An exact transcription of all the records, free of pictures, is the expected answer.
*** Begin section ***
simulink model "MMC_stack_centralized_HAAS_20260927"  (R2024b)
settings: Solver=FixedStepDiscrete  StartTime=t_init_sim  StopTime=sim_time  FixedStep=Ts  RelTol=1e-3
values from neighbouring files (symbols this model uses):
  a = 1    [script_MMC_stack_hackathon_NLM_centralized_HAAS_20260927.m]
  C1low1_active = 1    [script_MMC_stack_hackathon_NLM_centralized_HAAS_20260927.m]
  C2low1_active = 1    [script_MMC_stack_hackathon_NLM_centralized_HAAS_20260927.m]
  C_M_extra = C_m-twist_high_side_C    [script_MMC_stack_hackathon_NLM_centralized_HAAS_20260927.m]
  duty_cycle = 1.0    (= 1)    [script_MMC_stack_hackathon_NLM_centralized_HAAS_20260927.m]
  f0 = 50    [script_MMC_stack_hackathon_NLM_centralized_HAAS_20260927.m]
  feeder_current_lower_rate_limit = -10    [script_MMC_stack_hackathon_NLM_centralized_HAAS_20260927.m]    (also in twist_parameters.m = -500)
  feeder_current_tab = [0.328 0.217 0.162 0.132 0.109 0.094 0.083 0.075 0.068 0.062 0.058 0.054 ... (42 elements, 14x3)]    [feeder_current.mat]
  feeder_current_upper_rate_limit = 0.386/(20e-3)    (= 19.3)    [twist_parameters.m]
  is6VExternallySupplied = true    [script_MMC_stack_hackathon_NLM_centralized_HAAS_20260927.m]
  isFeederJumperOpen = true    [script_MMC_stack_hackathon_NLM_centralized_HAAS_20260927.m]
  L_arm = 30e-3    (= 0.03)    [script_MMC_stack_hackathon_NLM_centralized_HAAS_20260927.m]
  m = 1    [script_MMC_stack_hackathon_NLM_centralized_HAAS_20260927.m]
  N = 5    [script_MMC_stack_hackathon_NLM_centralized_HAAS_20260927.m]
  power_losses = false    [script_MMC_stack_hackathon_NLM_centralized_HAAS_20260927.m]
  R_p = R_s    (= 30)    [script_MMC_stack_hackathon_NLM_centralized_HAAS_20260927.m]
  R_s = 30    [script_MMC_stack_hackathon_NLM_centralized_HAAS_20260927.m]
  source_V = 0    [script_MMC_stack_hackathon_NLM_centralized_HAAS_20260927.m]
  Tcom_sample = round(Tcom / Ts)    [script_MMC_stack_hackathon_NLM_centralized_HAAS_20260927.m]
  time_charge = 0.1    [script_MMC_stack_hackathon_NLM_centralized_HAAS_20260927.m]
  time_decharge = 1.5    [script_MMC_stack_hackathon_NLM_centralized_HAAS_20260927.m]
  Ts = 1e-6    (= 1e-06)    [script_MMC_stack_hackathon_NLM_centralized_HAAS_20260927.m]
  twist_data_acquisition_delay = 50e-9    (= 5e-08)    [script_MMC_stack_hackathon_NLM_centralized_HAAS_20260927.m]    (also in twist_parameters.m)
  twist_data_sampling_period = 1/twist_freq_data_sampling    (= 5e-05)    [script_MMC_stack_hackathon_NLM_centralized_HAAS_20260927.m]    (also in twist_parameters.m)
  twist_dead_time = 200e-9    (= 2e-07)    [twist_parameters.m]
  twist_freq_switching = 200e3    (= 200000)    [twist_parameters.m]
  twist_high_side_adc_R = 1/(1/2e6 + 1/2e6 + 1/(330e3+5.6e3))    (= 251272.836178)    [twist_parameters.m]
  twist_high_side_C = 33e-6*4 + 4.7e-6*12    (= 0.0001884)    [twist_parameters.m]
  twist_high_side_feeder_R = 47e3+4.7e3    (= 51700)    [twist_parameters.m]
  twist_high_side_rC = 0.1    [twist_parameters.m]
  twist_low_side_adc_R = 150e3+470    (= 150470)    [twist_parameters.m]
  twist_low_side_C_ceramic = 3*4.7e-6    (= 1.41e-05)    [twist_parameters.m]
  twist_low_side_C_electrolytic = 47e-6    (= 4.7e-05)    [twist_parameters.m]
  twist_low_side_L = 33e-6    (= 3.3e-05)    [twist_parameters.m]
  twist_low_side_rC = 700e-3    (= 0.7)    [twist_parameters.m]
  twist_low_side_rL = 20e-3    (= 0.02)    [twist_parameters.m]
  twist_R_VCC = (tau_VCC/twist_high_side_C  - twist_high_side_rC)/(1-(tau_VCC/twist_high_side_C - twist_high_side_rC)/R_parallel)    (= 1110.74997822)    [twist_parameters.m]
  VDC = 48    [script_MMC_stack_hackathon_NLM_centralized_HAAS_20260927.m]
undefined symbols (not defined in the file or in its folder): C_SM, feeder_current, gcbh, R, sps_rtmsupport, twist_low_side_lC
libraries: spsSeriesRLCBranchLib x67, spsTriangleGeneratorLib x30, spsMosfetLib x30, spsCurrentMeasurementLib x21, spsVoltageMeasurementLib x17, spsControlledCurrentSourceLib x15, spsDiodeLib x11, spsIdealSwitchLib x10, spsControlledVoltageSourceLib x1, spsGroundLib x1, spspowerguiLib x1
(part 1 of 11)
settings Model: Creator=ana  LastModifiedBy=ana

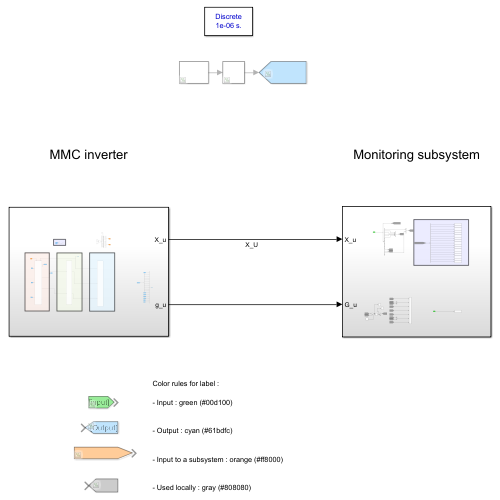
[thumbnail: Simulink's stored preview of the top-level diagram]
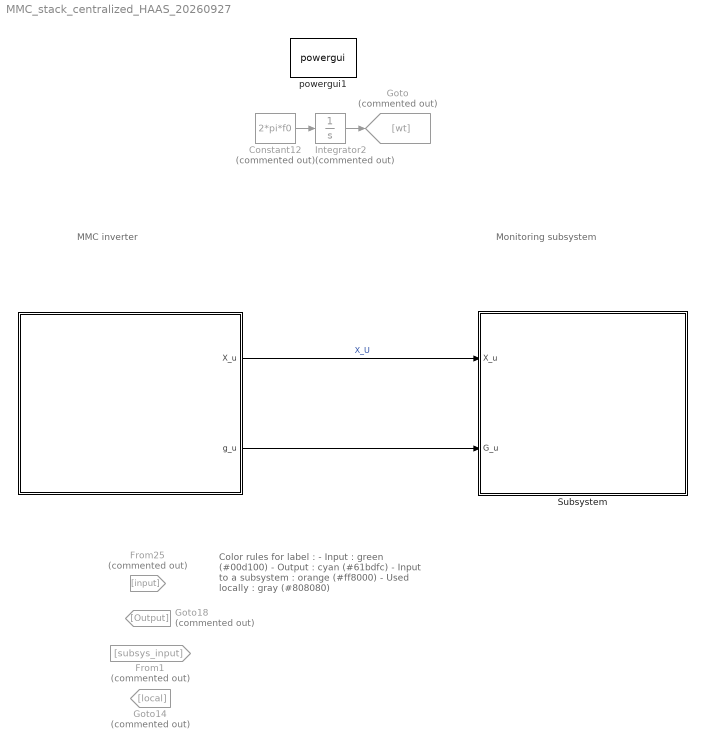
== system MMC_stack_centralized_HAAS_20260927 ==
  note: Color rules for label :
      |
      | - Input : green (#00d100)
      |
      |
      | - Output : cyan (#61bdfc)
      |
      |
      | - Input to a subsystem : orange (#ff8000)
      |
      |
      | - Used locally : gray (#808080)
  note: MMC inverter
  note: Monitoring subsystem
  " " : Subsystem
  Constant12 : Constant  Commented=on  Value=2*pi*f0
  From1 : From  Commented=on  GotoTag=subsys_input
  From25 : From  Commented=on  GotoTag=input
  Goto : Goto  Commented=on  GotoTag=wt
  Goto14 : Goto  Commented=on  GotoTag=local
  Goto18 : Goto  Commented=on  GotoTag=Output
  Integrator2 : Integrator  Commented=on
  Subsystem : Subsystem
  powergui1 : spspowerguiLib/powergui  Priority=1  SimulationMode=Discrete  SampleTime=Ts  frequency=60  Iterations=50  frequencyindice=0  Pbase=100e6  ErrMax=1e-4  UnitsV=V  UnitsW=W  buscounter=0  FunctionMessages=off  echomessages=off  EnableUseOfTLC=off  CurrentSourceSwitches=off  DisableSnubberDevices=off  DisableRonSwitches=off  DisableVfSwitches=off  DisplayEquations=off  AutomaticDiscreteSolvers=off  SolverType=Backward Euler  Interpol=off  ExternalGateDelay=off  methode=off  Ts=0  x0status=blocks  SPID=off  SwTol=0  HookPort=off  NonlinearTolerance=1e-4  nMaxIteration=100  ContinueOnMaxIteration=off  RestoreLinks=warning  ResistiveCurrentMeasurement=off  Frange=[0:2:500]  Ylog=off  Xlog=on  ShowGrid=off  save=off  variable=ZData  structure=0  ZoomFFT=off  StartTime=0.0  cycles=1  DisplayStyle=1  fundamental=60  FreqAxis=off  MaxFrequency=1000  frequencyindicesteady=1  RmsSteady=1  display=off
  wires:
  Constant12/1 -> Integrator2/1
  Integrator2/1 -> Goto/1
  " "/1(X_u) -> Subsystem/1(X_u)  "X_U"
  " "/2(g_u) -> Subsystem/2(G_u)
*** End section ***
(Problem solution)
simulink model "MMC_stack_centralized_HAAS_20260927"  (R2024b)
settings: Solver=FixedStepDiscrete  StartTime=t_init_sim  StopTime=sim_time  FixedStep=Ts  RelTol=1e-3
values from neighbouring files (symbols this model uses):
  a = 1    [script_MMC_stack_hackathon_NLM_centralized_HAAS_20260927.m]
  C1low1_active = 1    [script_MMC_stack_hackathon_NLM_centralized_HAAS_20260927.m]
  C2low1_active = 1    [script_MMC_stack_hackathon_NLM_centralized_HAAS_20260927.m]
  C_M_extra = C_m-twist_high_side_C    [script_MMC_stack_hackathon_NLM_centralized_HAAS_20260927.m]
  duty_cycle = 1.0    (= 1)    [script_MMC_stack_hackathon_NLM_centralized_HAAS_20260927.m]
  f0 = 50    [script_MMC_stack_hackathon_NLM_centralized_HAAS_20260927.m]
  feeder_current_lower_rate_limit = -10    [script_MMC_stack_hackathon_NLM_centralized_HAAS_20260927.m]    (also in twist_parameters.m = -500)
  feeder_current_tab = [0.328 0.217 0.162 0.132 0.109 0.094 0.083 0.075 0.068 0.062 0.058 0.054 ... (42 elements, 14x3)]    [feeder_current.mat]
  feeder_current_upper_rate_limit = 0.386/(20e-3)    (= 19.3)    [twist_parameters.m]
  is6VExternallySupplied = true    [script_MMC_stack_hackathon_NLM_centralized_HAAS_20260927.m]
  isFeederJumperOpen = true    [script_MMC_stack_hackathon_NLM_centralized_HAAS_20260927.m]
  L_arm = 30e-3    (= 0.03)    [script_MMC_stack_hackathon_NLM_centralized_HAAS_20260927.m]
  m = 1    [script_MMC_stack_hackathon_NLM_centralized_HAAS_20260927.m]
  N = 5    [script_MMC_stack_hackathon_NLM_centralized_HAAS_20260927.m]
  power_losses = false    [script_MMC_stack_hackathon_NLM_centralized_HAAS_20260927.m]
  R_p = R_s    (= 30)    [script_MMC_stack_hackathon_NLM_centralized_HAAS_20260927.m]
  R_s = 30    [script_MMC_stack_hackathon_NLM_centralized_HAAS_20260927.m]
  source_V = 0    [script_MMC_stack_hackathon_NLM_centralized_HAAS_20260927.m]
  Tcom_sample = round(Tcom / Ts)    [script_MMC_stack_hackathon_NLM_centralized_HAAS_20260927.m]
  time_charge = 0.1    [script_MMC_stack_hackathon_NLM_centralized_HAAS_20260927.m]
  time_decharge = 1.5    [script_MMC_stack_hackathon_NLM_centralized_HAAS_20260927.m]
  Ts = 1e-6    (= 1e-06)    [script_MMC_stack_hackathon_NLM_centralized_HAAS_20260927.m]
  twist_data_acquisition_delay = 50e-9    (= 5e-08)    [script_MMC_stack_hackathon_NLM_centralized_HAAS_20260927.m]    (also in twist_parameters.m)
  twist_data_sampling_period = 1/twist_freq_data_sampling    (= 5e-05)    [script_MMC_stack_hackathon_NLM_centralized_HAAS_20260927.m]    (also in twist_parameters.m)
  twist_dead_time = 200e-9    (= 2e-07)    [twist_parameters.m]
  twist_freq_switching = 200e3    (= 200000)    [twist_parameters.m]
  twist_high_side_adc_R = 1/(1/2e6 + 1/2e6 + 1/(330e3+5.6e3))    (= 251272.836178)    [twist_parameters.m]
  twist_high_side_C = 33e-6*4 + 4.7e-6*12    (= 0.0001884)    [twist_parameters.m]
  twist_high_side_feeder_R = 47e3+4.7e3    (= 51700)    [twist_parameters.m]
  twist_high_side_rC = 0.1    [twist_parameters.m]
  twist_low_side_adc_R = 150e3+470    (= 150470)    [twist_parameters.m]
  twist_low_side_C_ceramic = 3*4.7e-6    (= 1.41e-05)    [twist_parameters.m]
  twist_low_side_C_electrolytic = 47e-6    (= 4.7e-05)    [twist_parameters.m]
  twist_low_side_L = 33e-6    (= 3.3e-05)    [twist_parameters.m]
  twist_low_side_rC = 700e-3    (= 0.7)    [twist_parameters.m]
  twist_low_side_rL = 20e-3    (= 0.02)    [twist_parameters.m]
  twist_R_VCC = (tau_VCC/twist_high_side_C  - twist_high_side_rC)/(1-(tau_VCC/twist_high_side_C - twist_high_side_rC)/R_parallel)    (= 1110.74997822)    [twist_parameters.m]
  VDC = 48    [script_MMC_stack_hackathon_NLM_centralized_HAAS_20260927.m]
undefined symbols (not defined in the file or in its folder): C_SM, feeder_current, gcbh, R, sps_rtmsupport, twist_low_side_lC
libraries: spsSeriesRLCBranchLib x67, spsTriangleGeneratorLib x30, spsMosfetLib x30, spsCurrentMeasurementLib x21, spsVoltageMeasurementLib x17, spsControlledCurrentSourceLib x15, spsDiodeLib x11, spsIdealSwitchLib x10, spsControlledVoltageSourceLib x1, spsGroundLib x1, spspowerguiLib x1
(part 1 of 11)
settings Model: Creator=ana  LastModifiedBy=ana

[thumbnail: Simulink's stored preview of the top-level diagram]
== system MMC_stack_centralized_HAAS_20260927 ==
  note: Color rules for label :
      |
      | - Input : green (#00d100)
      |
      |
      | - Output : cyan (#61bdfc)
      |
      |
      | - Input to a subsystem : orange (#ff8000)
      |
      |
      | - Used locally : gray (#808080)
  note: MMC inverter
  note: Monitoring subsystem
  " " : Subsystem
  Constant12 : Constant  Commented=on  Value=2*pi*f0
  From1 : From  Commented=on  GotoTag=subsys_input
  From25 : From  Commented=on  GotoTag=input
  Goto : Goto  Commented=on  GotoTag=wt
  Goto14 : Goto  Commented=on  GotoTag=local
  Goto18 : Goto  Commented=on  GotoTag=Output
  Integrator2 : Integrator  Commented=on
  Subsystem : Subsystem
  powergui1 : spspowerguiLib/powergui  Priority=1  SimulationMode=Discrete  SampleTime=Ts  frequency=60  Iterations=50  frequencyindice=0  Pbase=100e6  ErrMax=1e-4  UnitsV=V  UnitsW=W  buscounter=0  FunctionMessages=off  echomessages=off  EnableUseOfTLC=off  CurrentSourceSwitches=off  DisableSnubberDevices=off  DisableRonSwitches=off  DisableVfSwitches=off  DisplayEquations=off  AutomaticDiscreteSolvers=off  SolverType=Backward Euler  Interpol=off  ExternalGateDelay=off  methode=off  Ts=0  x0status=blocks  SPID=off  SwTol=0  HookPort=off  NonlinearTolerance=1e-4  nMaxIteration=100  ContinueOnMaxIteration=off  RestoreLinks=warning  ResistiveCurrentMeasurement=off  Frange=[0:2:500]  Ylog=off  Xlog=on  ShowGrid=off  save=off  variable=ZData  structure=0  ZoomFFT=off  StartTime=0.0  cycles=1  DisplayStyle=1  fundamental=60  FreqAxis=off  MaxFrequency=1000  frequencyindicesteady=1  RmsSteady=1  display=off
  wires:
  Constant12/1 -> Integrator2/1
  Integrator2/1 -> Goto/1
  " "/1(X_u) -> Subsystem/1(X_u)  "X_U"
  " "/2(g_u) -> Subsystem/2(G_u)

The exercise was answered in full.